(Source data Opens)

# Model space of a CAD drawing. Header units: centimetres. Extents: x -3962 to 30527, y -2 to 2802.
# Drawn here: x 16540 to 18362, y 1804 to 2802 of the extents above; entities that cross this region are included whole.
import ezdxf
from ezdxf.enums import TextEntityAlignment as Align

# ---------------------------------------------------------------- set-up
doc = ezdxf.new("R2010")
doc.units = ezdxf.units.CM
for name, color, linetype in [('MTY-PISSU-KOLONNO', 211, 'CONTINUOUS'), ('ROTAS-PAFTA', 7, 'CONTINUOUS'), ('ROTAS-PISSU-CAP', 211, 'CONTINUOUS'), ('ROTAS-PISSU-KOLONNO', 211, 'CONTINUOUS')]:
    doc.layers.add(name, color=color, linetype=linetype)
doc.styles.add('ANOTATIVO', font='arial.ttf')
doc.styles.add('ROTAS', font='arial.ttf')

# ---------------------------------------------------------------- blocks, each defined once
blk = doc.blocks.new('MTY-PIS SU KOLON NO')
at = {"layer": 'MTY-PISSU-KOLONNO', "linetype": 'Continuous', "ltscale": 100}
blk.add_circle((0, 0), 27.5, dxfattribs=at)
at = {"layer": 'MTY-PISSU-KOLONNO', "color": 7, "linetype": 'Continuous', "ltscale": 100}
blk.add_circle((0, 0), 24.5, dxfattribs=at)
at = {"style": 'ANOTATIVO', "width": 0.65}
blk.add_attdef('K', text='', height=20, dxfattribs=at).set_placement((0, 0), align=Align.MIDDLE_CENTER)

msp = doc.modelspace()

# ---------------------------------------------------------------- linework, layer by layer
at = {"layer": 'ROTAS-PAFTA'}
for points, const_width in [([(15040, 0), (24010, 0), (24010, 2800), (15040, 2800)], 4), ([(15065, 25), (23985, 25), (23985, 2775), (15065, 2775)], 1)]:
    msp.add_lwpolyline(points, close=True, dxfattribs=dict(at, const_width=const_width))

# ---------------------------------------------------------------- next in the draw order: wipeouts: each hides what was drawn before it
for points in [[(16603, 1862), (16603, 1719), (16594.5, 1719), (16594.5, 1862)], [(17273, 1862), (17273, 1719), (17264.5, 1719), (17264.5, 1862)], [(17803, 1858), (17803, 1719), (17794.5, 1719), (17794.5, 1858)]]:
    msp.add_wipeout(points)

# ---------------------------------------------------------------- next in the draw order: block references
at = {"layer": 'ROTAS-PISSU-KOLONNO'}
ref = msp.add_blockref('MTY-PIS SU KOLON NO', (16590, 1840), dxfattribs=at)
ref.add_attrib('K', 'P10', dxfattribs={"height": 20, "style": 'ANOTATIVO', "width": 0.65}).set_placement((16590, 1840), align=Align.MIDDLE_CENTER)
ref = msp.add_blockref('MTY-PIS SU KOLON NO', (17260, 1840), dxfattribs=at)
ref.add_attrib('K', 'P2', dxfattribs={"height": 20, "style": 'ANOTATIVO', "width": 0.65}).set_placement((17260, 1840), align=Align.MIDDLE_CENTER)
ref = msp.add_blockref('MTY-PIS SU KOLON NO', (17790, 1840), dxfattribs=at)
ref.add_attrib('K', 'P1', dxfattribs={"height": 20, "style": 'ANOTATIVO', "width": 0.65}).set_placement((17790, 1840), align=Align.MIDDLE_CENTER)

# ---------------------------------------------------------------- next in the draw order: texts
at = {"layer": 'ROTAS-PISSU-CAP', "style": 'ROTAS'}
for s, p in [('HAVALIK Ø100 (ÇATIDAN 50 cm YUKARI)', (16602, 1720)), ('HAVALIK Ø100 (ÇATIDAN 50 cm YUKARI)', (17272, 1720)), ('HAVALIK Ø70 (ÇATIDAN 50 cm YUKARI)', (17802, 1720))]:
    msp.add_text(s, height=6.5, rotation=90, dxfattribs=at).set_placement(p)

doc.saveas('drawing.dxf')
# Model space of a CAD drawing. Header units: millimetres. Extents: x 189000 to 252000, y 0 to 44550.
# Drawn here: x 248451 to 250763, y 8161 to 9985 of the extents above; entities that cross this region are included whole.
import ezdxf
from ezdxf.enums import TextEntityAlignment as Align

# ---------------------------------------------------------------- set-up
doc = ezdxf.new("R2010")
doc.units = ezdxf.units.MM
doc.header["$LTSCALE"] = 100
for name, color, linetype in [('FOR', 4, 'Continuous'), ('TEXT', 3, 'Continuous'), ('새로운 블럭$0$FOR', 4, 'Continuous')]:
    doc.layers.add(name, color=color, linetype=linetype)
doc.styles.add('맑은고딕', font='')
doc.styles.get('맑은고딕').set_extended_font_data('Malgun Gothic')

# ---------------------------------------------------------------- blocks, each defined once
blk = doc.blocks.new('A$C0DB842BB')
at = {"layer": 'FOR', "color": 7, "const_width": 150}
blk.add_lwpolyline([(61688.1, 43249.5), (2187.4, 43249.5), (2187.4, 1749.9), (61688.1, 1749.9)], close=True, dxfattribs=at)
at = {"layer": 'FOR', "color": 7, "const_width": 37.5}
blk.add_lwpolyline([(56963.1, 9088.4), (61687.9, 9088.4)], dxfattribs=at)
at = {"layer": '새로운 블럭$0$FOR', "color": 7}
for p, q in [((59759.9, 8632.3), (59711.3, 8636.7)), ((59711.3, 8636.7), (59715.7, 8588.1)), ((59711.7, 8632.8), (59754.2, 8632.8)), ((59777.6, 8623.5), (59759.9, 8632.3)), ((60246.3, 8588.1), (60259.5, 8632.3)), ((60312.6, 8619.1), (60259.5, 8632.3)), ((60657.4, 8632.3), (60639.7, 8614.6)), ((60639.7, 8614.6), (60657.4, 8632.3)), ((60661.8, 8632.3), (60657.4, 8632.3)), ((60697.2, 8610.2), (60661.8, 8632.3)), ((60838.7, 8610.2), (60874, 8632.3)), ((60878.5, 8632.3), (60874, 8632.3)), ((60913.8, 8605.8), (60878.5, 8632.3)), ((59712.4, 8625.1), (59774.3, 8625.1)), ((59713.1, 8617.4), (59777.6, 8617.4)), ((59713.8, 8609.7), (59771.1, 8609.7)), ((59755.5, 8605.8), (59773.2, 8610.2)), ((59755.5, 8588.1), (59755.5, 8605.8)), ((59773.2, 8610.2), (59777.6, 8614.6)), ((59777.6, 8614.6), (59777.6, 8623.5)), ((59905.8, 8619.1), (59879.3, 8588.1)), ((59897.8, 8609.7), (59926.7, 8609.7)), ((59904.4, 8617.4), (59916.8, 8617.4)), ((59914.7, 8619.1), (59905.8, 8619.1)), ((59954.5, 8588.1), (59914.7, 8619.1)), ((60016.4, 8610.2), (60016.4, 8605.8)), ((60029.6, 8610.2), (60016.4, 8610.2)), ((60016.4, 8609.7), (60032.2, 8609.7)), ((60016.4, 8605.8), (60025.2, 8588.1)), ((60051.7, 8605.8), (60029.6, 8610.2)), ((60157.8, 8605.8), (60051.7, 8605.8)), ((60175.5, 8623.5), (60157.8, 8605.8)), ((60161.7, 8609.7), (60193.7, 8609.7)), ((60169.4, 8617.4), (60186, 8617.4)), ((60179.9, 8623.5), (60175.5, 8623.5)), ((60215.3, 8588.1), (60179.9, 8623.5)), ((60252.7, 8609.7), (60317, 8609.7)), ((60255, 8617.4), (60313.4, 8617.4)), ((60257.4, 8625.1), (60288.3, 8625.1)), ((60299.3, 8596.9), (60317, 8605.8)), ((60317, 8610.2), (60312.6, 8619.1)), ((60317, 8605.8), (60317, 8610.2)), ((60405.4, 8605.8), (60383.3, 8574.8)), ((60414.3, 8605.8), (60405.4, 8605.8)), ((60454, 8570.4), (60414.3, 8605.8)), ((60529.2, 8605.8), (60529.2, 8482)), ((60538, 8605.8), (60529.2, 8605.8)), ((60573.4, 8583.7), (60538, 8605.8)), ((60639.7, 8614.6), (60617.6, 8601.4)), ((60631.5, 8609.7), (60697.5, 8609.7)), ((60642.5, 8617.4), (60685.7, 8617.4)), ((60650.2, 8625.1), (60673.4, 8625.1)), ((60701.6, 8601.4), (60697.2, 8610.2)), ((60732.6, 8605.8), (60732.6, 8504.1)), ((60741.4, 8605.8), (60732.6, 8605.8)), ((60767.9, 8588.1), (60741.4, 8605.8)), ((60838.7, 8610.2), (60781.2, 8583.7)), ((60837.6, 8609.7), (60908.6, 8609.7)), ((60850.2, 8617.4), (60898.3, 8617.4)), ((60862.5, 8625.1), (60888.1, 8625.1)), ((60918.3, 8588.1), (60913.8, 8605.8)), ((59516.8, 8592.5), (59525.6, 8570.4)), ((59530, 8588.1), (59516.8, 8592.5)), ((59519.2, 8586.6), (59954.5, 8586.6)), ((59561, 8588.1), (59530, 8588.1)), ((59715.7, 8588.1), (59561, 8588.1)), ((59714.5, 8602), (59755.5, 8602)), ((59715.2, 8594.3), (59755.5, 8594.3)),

(Source data Closes)

Prompt> The expected output is exactly the lines of the listing above between the line holding "blk = doc.blocks.new('MTY-PIS SU KOLON NO')" and the line holding "dxfattribs=at).set_placement((0, 0), align=Align.MIDDLE_CENTER)", inclusive.

Result of this task>
blk = doc.blocks.new('MTY-PIS SU KOLON NO')
at = {"layer": 'MTY-PISSU-KOLONNO', "linetype": 'Continuous', "ltscale": 100}
blk.add_circle((0, 0), 27.5, dxfattribs=at)
at = {"layer": 'MTY-PISSU-KOLONNO', "color": 7, "linetype": 'Continuous', "ltscale": 100}
blk.add_circle((0, 0), 24.5, dxfattribs=at)
at = {"style": 'ANOTATIVO', "width": 0.65}
blk.add_attdef('K', text='', height=20, dxfattribs=at).set_placement((0, 0), align=Align.MIDDLE_CENTER)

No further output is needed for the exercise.